Task goal - How do the lines below between the ones holding "#4499 = DIRECTION" and "#12365 = VERTEX_POINT ( 'NONE', #11731 ) ;", inclusive, read? Give them again exactly, with no other lines.

Data for the task -
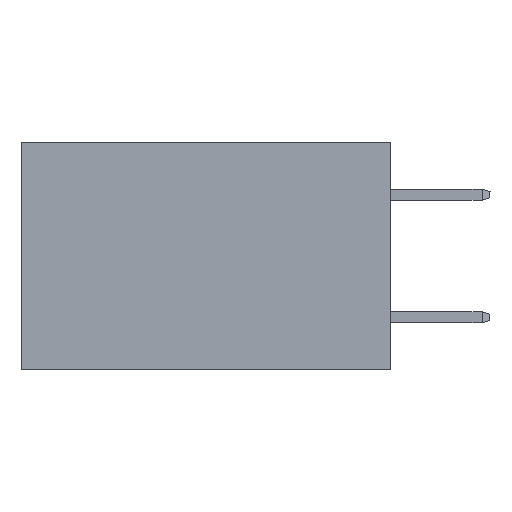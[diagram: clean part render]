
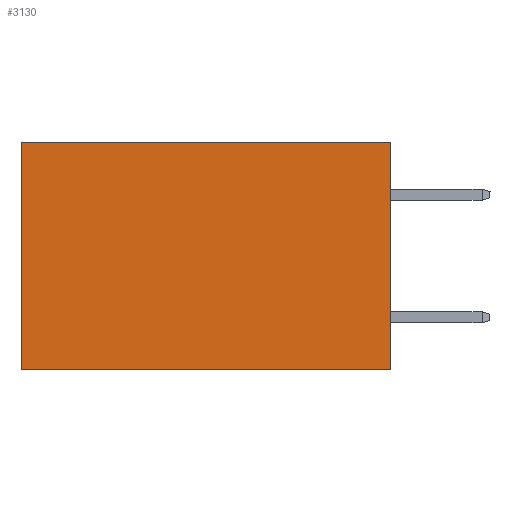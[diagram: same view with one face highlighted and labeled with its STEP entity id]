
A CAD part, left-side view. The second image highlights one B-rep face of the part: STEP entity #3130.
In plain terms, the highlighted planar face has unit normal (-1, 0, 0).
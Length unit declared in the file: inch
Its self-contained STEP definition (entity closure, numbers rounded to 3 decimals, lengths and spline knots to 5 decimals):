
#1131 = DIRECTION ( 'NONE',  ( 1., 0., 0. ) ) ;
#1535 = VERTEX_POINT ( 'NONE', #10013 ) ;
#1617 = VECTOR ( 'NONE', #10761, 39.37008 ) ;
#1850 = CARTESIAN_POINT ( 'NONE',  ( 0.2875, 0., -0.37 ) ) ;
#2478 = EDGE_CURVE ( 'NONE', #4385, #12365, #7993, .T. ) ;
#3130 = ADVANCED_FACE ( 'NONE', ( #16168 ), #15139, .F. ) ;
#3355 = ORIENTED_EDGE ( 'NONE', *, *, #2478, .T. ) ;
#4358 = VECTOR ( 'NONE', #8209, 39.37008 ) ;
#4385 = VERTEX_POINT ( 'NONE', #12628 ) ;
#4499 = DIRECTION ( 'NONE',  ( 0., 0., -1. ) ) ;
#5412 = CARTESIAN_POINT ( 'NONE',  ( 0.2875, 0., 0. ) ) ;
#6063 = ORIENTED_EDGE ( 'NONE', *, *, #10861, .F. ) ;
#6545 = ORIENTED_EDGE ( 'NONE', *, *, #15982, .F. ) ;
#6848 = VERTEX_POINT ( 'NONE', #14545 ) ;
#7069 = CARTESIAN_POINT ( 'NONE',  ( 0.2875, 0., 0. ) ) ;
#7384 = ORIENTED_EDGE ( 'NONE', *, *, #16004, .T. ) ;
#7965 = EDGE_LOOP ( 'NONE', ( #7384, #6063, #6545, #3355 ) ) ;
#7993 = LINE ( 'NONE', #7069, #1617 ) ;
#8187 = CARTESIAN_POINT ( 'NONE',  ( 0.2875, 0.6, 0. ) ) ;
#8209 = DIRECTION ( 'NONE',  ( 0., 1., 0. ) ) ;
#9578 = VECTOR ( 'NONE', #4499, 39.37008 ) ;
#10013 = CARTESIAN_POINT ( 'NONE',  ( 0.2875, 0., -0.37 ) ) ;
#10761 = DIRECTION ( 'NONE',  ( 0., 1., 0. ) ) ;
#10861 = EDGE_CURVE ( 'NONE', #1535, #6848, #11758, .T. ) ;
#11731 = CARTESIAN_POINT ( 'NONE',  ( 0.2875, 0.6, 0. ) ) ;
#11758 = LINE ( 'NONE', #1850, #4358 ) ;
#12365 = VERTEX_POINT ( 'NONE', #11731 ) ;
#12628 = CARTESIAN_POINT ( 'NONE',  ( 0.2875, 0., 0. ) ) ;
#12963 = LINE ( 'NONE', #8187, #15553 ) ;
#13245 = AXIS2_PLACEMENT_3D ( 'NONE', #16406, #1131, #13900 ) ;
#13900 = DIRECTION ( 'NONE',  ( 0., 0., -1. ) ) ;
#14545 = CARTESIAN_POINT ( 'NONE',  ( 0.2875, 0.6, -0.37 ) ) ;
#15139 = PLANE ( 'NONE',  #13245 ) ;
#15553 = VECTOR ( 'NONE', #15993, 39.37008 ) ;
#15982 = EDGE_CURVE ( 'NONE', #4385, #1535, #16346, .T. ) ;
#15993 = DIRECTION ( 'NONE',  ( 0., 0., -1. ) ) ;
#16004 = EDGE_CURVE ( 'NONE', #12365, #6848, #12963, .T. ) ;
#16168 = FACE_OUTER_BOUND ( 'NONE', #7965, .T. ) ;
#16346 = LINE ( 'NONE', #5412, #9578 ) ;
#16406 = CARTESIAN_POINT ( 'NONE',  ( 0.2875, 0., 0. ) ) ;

Answer to this problem -
#4499 = DIRECTION ( 'NONE',  ( 0., 0., -1. ) ) ;
#5412 = CARTESIAN_POINT ( 'NONE',  ( 0.2875, 0., 0. ) ) ;
#6063 = ORIENTED_EDGE ( 'NONE', *, *, #10861, .F. ) ;
#6545 = ORIENTED_EDGE ( 'NONE', *, *, #15982, .F. ) ;
#6848 = VERTEX_POINT ( 'NONE', #14545 ) ;
#7069 = CARTESIAN_POINT ( 'NONE',  ( 0.2875, 0., 0. ) ) ;
#7384 = ORIENTED_EDGE ( 'NONE', *, *, #16004, .T. ) ;
#7965 = EDGE_LOOP ( 'NONE', ( #7384, #6063, #6545, #3355 ) ) ;
#7993 = LINE ( 'NONE', #7069, #1617 ) ;
#8187 = CARTESIAN_POINT ( 'NONE',  ( 0.2875, 0.6, 0. ) ) ;
#8209 = DIRECTION ( 'NONE',  ( 0., 1., 0. ) ) ;
#9578 = VECTOR ( 'NONE', #4499, 39.37008 ) ;
#10013 = CARTESIAN_POINT ( 'NONE',  ( 0.2875, 0., -0.37 ) ) ;
#10761 = DIRECTION ( 'NONE',  ( 0., 1., 0. ) ) ;
#10861 = EDGE_CURVE ( 'NONE', #1535, #6848, #11758, .T. ) ;
#11731 = CARTESIAN_POINT ( 'NONE',  ( 0.2875, 0.6, 0. ) ) ;
#11758 = LINE ( 'NONE', #1850, #4358 ) ;
#12365 = VERTEX_POINT ( 'NONE', #11731 ) ;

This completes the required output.